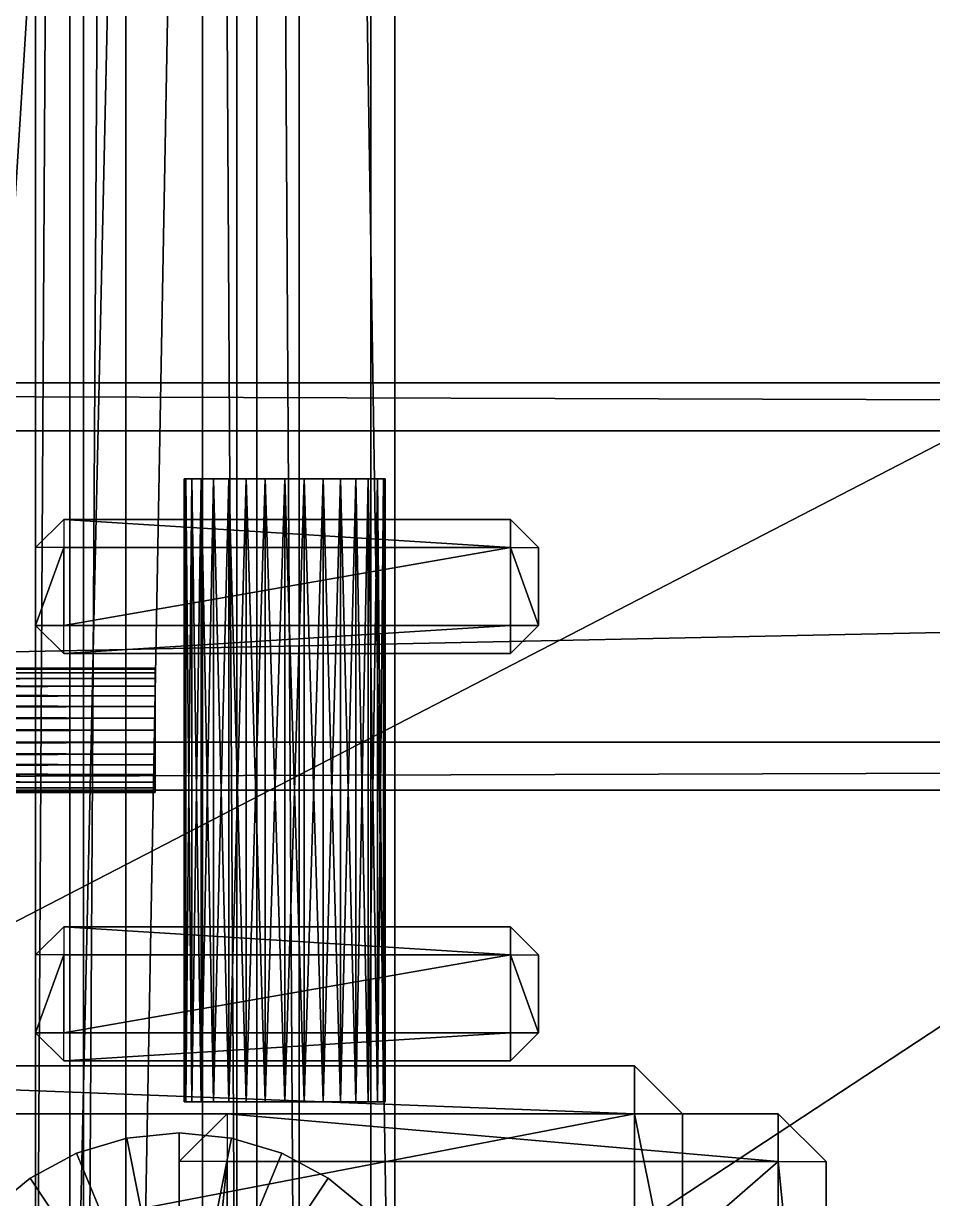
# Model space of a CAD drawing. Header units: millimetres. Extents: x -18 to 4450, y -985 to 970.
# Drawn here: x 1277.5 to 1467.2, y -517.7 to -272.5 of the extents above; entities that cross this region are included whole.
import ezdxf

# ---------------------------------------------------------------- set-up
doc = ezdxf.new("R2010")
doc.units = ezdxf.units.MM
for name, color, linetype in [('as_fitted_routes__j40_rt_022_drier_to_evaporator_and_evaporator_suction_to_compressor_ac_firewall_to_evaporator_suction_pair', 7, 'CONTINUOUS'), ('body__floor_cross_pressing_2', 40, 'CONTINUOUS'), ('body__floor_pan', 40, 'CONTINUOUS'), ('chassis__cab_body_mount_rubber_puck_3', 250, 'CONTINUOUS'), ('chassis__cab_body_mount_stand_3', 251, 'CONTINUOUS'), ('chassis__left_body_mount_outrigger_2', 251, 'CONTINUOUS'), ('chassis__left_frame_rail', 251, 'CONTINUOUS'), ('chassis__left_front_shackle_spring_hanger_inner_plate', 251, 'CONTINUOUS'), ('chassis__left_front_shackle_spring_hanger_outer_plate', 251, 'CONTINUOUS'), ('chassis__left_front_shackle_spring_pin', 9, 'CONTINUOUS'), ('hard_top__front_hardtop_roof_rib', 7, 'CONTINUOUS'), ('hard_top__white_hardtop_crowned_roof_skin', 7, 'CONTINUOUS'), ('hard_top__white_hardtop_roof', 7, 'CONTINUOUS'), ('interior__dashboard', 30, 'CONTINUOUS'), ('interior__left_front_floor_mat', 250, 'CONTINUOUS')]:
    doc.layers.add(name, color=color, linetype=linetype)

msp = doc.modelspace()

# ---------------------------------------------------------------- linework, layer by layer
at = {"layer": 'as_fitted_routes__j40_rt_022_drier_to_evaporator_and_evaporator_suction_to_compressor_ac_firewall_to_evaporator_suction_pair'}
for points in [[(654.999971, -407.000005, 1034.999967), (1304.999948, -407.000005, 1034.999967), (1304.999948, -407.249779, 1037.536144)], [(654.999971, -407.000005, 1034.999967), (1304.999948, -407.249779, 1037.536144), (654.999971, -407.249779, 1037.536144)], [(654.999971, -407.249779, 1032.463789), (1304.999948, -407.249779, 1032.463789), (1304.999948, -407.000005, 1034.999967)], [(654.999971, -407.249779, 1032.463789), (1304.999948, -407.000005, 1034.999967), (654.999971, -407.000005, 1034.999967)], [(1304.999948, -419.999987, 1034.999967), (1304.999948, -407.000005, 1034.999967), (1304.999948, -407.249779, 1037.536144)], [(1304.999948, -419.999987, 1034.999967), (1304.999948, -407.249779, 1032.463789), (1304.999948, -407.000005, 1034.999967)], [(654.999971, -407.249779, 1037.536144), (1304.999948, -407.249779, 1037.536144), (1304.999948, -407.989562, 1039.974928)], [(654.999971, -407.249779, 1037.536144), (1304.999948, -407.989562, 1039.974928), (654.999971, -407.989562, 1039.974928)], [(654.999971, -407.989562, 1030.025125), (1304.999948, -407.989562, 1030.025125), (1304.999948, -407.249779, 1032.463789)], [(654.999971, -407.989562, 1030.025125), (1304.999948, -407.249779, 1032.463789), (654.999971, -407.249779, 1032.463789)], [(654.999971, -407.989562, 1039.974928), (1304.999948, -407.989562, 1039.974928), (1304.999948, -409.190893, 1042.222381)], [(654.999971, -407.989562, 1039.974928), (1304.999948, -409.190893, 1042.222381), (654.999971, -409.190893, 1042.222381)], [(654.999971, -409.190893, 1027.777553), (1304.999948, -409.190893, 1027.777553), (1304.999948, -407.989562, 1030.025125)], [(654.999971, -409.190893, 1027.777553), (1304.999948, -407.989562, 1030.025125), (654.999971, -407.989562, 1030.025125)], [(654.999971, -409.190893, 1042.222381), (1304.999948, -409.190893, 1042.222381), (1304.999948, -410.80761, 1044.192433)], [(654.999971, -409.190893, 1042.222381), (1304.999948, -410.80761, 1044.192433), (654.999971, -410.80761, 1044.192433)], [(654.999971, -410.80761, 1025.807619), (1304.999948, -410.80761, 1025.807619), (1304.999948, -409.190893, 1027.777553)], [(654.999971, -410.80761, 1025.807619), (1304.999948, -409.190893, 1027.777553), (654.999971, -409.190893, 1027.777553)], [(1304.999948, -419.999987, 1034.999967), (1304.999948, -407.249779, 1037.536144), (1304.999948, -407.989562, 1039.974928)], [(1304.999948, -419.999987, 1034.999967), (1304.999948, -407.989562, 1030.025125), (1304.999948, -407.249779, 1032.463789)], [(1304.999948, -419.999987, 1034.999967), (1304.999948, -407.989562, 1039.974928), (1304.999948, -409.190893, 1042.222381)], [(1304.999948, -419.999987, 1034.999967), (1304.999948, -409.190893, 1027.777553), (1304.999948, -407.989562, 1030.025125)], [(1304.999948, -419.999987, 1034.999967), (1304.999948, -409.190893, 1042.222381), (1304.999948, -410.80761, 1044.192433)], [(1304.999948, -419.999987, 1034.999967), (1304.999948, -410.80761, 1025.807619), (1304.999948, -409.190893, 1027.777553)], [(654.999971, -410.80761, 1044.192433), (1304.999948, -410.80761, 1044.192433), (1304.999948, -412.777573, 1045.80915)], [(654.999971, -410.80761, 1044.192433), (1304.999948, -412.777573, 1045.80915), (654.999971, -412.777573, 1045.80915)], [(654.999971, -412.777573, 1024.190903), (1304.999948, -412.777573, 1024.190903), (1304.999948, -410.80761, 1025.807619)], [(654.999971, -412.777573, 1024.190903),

□ □ □ □ □ □ □

Exercise
Exactly the lines from the start of the entries above through the line with "doc.units = ezdxf.units.MM" should be reproduced, and nothing else; drop the pictures.

Written response
# Model space of a CAD drawing. Header units: millimetres. Extents: x -18 to 4450, y -985 to 970.
# Drawn here: x 1277.5 to 1467.2, y -517.7 to -272.5 of the extents above; entities that cross this region are included whole.
import ezdxf

# ---------------------------------------------------------------- set-up
doc = ezdxf.new("R2010")
doc.units = ezdxf.units.MM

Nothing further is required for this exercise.